FAQ

Advising and Admissions

Current NYU Students

If you're working on a PhD and are interested in collaborating or seeking an advisor, contact me.

I only rarely agree to supervise undergraduate or master's students, and I only recruit students who have an A in an NYU NLP or computational linguistics course or have published research in my area. If that's you, send me an email with a CV, a transcript, and a couple of sentences about your plans and research interests.

If your goal is to get started with independent research in NLP, you should take NLU (DS-GA 1012) or MLLU (LING-UA 52) as soon as you can. I designed both courses to walk you through your first major NLP research project and the prerequisites and the non-project-related assignments in these courses are relatively light.

Prospective Graduate Students

I can advise graduate students in the Department of Linguistics (PhD), the Center for Data Science (MS, PhD), and the Department of Computer Science at Courant (MS, PhD). If you have specific questions about my group that you'd like to discuss before you apply, feel free to write to me. (Writing to just express interest doesn't help your application, though.) As above, if you're applying for an MS, I won't commit to supervising you as a research student until after you've taken coursework in NLP at NYU.
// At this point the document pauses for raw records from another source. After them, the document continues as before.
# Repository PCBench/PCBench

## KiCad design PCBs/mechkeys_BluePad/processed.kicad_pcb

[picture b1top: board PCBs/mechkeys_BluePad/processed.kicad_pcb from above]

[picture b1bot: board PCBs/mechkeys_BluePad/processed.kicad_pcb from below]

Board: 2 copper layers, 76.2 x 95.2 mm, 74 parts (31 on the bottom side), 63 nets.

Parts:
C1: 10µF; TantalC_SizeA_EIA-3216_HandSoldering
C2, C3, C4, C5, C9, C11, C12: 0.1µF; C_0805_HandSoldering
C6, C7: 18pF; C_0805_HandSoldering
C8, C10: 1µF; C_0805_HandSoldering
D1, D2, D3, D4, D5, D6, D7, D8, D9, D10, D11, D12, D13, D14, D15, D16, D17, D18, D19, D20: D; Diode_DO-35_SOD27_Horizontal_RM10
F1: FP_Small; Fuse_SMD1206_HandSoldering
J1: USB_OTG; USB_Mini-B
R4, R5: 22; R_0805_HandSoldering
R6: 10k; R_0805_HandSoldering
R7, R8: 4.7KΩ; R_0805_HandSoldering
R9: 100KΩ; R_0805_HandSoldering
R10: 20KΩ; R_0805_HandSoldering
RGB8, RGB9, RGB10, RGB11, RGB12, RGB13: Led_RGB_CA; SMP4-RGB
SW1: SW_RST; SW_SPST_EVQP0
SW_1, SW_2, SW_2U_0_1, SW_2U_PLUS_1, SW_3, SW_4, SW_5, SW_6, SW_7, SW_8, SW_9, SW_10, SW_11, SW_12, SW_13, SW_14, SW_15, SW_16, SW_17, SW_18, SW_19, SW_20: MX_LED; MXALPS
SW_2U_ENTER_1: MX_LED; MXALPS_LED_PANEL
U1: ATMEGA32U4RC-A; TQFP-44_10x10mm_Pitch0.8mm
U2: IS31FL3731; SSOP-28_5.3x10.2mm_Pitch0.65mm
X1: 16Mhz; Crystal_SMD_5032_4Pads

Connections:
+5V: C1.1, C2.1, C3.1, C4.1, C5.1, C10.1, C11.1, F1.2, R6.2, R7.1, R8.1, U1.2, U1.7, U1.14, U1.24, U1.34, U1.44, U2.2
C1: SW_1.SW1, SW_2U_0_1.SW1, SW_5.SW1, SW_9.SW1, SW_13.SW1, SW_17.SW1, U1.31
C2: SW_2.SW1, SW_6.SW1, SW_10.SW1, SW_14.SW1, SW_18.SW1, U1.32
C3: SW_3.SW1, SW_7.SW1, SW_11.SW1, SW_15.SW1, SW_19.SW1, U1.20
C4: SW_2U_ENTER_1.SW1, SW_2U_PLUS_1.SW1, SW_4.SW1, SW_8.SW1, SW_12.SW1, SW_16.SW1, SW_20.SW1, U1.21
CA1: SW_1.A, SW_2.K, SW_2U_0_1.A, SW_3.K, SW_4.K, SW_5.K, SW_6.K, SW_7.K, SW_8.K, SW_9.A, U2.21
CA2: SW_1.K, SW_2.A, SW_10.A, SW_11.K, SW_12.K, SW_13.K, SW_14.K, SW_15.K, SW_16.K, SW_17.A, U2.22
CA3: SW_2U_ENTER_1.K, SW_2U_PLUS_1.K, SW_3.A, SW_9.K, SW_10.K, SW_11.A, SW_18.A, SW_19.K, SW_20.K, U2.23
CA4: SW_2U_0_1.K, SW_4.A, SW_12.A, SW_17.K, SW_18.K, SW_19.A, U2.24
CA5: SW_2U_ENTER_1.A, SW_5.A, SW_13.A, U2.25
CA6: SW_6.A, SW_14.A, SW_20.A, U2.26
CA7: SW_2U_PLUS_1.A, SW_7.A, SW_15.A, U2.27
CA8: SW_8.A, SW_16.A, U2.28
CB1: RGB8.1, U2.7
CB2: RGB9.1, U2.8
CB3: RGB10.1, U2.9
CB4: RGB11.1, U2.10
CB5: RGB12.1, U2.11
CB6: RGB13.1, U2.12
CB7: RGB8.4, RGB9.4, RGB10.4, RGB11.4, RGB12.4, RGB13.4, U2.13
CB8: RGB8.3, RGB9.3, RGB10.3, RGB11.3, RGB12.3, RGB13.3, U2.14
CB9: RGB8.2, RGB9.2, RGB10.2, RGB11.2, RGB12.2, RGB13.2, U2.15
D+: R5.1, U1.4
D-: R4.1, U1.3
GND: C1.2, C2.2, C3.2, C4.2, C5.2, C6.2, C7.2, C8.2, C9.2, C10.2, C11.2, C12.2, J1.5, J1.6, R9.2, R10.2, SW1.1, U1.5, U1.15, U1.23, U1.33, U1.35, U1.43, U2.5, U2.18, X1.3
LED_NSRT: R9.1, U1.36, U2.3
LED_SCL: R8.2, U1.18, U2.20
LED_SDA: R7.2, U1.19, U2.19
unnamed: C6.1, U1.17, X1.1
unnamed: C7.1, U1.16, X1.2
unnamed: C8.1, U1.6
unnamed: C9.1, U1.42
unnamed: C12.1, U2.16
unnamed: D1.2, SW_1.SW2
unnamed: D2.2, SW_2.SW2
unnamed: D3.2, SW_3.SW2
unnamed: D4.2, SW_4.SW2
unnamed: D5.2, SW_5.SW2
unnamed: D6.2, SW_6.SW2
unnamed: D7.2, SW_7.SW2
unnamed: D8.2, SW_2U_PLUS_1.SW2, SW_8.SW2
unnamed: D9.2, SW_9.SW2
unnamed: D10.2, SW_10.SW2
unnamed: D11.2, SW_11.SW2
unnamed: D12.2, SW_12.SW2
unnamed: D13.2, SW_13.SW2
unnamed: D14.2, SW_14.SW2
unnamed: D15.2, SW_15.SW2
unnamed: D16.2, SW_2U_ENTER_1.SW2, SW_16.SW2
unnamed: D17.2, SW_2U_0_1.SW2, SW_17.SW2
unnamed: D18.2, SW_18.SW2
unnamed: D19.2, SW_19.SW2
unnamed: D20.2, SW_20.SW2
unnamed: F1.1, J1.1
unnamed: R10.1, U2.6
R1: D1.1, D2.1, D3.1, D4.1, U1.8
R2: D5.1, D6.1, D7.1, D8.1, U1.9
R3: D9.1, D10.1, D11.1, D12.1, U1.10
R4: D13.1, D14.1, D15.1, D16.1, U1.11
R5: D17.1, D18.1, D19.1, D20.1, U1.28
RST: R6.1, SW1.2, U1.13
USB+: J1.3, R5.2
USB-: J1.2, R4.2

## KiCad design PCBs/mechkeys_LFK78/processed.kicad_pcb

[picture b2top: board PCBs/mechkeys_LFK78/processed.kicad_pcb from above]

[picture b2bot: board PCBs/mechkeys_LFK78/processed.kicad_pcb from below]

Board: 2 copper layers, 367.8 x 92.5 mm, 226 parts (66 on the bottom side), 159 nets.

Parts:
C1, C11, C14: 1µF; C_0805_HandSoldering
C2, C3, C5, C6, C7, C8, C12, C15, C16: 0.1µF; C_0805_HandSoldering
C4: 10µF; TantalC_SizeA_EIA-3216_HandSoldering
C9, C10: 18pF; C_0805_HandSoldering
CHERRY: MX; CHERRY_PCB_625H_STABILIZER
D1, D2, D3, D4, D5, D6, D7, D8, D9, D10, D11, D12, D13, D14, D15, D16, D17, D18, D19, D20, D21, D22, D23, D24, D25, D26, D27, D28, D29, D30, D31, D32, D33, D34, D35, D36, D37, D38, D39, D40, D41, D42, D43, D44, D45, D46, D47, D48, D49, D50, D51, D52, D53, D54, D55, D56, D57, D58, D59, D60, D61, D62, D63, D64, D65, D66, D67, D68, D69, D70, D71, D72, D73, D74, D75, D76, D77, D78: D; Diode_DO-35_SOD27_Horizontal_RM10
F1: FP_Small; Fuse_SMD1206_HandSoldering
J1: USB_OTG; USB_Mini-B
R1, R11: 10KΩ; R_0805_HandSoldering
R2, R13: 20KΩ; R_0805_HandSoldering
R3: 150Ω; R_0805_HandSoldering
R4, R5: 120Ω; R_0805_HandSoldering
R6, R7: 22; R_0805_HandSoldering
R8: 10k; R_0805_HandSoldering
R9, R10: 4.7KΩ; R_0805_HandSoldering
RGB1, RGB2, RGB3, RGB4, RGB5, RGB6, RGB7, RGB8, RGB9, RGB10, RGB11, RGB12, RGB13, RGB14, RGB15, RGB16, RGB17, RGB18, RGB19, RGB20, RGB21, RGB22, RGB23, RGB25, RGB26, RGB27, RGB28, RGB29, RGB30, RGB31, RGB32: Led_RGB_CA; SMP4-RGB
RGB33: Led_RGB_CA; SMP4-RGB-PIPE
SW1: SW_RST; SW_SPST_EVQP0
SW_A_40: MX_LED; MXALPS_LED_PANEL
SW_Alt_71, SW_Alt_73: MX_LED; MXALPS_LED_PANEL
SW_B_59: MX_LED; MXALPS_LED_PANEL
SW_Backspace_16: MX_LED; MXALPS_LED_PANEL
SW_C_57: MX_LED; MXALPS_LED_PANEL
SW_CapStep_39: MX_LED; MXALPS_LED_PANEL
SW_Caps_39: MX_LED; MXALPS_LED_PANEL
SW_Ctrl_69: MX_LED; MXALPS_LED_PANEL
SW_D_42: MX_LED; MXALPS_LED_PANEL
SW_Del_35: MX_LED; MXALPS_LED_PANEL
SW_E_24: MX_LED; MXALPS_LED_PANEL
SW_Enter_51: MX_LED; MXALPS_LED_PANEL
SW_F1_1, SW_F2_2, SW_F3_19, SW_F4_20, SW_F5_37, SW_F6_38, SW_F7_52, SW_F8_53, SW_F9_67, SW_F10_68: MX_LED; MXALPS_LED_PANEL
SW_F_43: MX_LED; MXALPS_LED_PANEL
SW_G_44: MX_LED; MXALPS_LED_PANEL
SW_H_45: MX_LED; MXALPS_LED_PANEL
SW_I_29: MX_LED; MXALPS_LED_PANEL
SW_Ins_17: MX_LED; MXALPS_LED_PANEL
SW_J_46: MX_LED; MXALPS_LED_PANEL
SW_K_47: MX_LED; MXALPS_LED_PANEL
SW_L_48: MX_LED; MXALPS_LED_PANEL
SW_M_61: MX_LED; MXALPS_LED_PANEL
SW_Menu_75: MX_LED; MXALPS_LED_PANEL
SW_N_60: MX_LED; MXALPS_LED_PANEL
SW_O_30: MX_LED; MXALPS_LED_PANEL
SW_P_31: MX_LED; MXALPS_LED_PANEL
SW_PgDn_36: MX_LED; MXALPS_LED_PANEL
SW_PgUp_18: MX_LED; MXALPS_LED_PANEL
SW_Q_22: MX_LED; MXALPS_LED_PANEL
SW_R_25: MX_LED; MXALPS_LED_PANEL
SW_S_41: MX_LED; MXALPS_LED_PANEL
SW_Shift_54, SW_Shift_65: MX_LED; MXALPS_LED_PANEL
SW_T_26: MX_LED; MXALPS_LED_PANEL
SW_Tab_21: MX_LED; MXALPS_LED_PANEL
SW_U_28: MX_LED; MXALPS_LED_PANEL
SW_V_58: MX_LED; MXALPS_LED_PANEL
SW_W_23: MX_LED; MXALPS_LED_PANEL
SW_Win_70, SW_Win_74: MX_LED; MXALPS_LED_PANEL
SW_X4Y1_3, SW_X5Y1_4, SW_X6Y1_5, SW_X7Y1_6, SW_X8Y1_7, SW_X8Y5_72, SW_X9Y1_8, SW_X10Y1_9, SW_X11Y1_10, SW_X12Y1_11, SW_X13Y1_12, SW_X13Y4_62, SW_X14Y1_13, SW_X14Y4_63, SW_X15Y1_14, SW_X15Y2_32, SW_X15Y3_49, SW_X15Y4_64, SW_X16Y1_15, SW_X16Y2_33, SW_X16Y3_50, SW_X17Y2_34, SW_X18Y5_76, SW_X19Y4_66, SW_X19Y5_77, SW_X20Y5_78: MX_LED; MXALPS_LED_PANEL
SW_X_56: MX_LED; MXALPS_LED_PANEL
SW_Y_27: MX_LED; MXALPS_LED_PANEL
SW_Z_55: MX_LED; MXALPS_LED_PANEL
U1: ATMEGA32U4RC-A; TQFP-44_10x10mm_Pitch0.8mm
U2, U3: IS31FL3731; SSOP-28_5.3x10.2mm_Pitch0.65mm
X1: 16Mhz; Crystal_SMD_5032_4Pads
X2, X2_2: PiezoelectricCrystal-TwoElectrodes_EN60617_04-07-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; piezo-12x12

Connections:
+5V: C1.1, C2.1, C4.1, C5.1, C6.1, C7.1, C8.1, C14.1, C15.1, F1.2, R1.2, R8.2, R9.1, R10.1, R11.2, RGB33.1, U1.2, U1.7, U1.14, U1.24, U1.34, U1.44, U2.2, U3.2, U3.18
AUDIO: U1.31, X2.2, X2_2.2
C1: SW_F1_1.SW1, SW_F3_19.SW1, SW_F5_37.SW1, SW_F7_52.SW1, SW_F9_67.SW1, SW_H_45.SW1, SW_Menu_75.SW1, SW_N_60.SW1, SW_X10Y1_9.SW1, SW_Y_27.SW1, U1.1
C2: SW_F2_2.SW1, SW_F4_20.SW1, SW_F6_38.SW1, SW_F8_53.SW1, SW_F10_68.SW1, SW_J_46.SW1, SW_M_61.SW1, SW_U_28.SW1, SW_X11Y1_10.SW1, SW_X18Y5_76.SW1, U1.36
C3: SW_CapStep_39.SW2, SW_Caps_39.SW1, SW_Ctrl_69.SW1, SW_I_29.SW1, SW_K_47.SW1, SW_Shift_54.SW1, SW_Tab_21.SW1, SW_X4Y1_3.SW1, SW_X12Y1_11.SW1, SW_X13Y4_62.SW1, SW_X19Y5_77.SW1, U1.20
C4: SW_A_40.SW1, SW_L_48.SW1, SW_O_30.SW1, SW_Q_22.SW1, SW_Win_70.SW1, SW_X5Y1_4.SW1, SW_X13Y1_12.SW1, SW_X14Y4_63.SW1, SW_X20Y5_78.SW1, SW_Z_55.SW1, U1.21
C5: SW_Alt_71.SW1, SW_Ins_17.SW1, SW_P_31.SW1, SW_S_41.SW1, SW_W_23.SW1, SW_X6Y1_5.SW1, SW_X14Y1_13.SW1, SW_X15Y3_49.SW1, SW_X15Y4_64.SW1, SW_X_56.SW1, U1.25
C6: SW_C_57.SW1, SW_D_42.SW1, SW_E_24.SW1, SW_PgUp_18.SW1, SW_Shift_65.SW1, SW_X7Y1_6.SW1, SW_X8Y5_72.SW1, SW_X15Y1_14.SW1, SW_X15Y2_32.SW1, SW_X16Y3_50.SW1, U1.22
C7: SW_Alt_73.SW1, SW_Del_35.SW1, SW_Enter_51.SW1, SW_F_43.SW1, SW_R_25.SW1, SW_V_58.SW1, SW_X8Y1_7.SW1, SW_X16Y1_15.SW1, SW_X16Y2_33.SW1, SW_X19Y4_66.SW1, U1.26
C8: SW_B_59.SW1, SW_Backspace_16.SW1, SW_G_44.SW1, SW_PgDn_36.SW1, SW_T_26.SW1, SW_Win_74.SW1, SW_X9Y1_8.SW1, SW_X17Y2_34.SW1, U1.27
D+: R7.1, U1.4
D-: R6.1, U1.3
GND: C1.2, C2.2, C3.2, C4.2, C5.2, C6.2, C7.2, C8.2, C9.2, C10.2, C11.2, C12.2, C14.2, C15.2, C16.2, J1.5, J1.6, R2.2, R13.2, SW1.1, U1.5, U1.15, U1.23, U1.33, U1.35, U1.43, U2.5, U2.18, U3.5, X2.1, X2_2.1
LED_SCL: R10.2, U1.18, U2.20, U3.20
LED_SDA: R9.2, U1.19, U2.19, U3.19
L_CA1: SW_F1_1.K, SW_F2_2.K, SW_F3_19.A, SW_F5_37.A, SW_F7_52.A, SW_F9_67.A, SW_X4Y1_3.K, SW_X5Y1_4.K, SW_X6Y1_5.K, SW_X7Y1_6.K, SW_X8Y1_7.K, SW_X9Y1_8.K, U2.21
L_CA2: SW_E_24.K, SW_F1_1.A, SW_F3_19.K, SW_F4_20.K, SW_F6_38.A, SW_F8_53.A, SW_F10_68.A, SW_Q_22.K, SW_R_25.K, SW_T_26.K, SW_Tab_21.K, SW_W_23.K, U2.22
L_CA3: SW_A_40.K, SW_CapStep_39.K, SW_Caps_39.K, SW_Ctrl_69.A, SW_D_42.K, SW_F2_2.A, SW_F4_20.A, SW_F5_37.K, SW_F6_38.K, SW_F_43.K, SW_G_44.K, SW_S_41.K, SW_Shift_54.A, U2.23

I'll be on sabbatical for 2021–22, but I expect to be accepting PhD students for Fall 2023. I'm especially interested in applicants who have a background language model truthfulness/alignment/safety, and I can coadvise applicants who want to do work involving NLP and computational linguistics or crowdsourcing and human feedback. If your background or interests don't look like what I'm describing, we probably won't a good fit this year. In particular, I'm not likely to admit students whose primary interests are in BERTology, cross-lingual transfer, or grammar induction, even though I've worked on those areas in the past. That said, get in touch if you have an argument for why you're set up to do very high impact work, and for why I'm the right person to help you do it.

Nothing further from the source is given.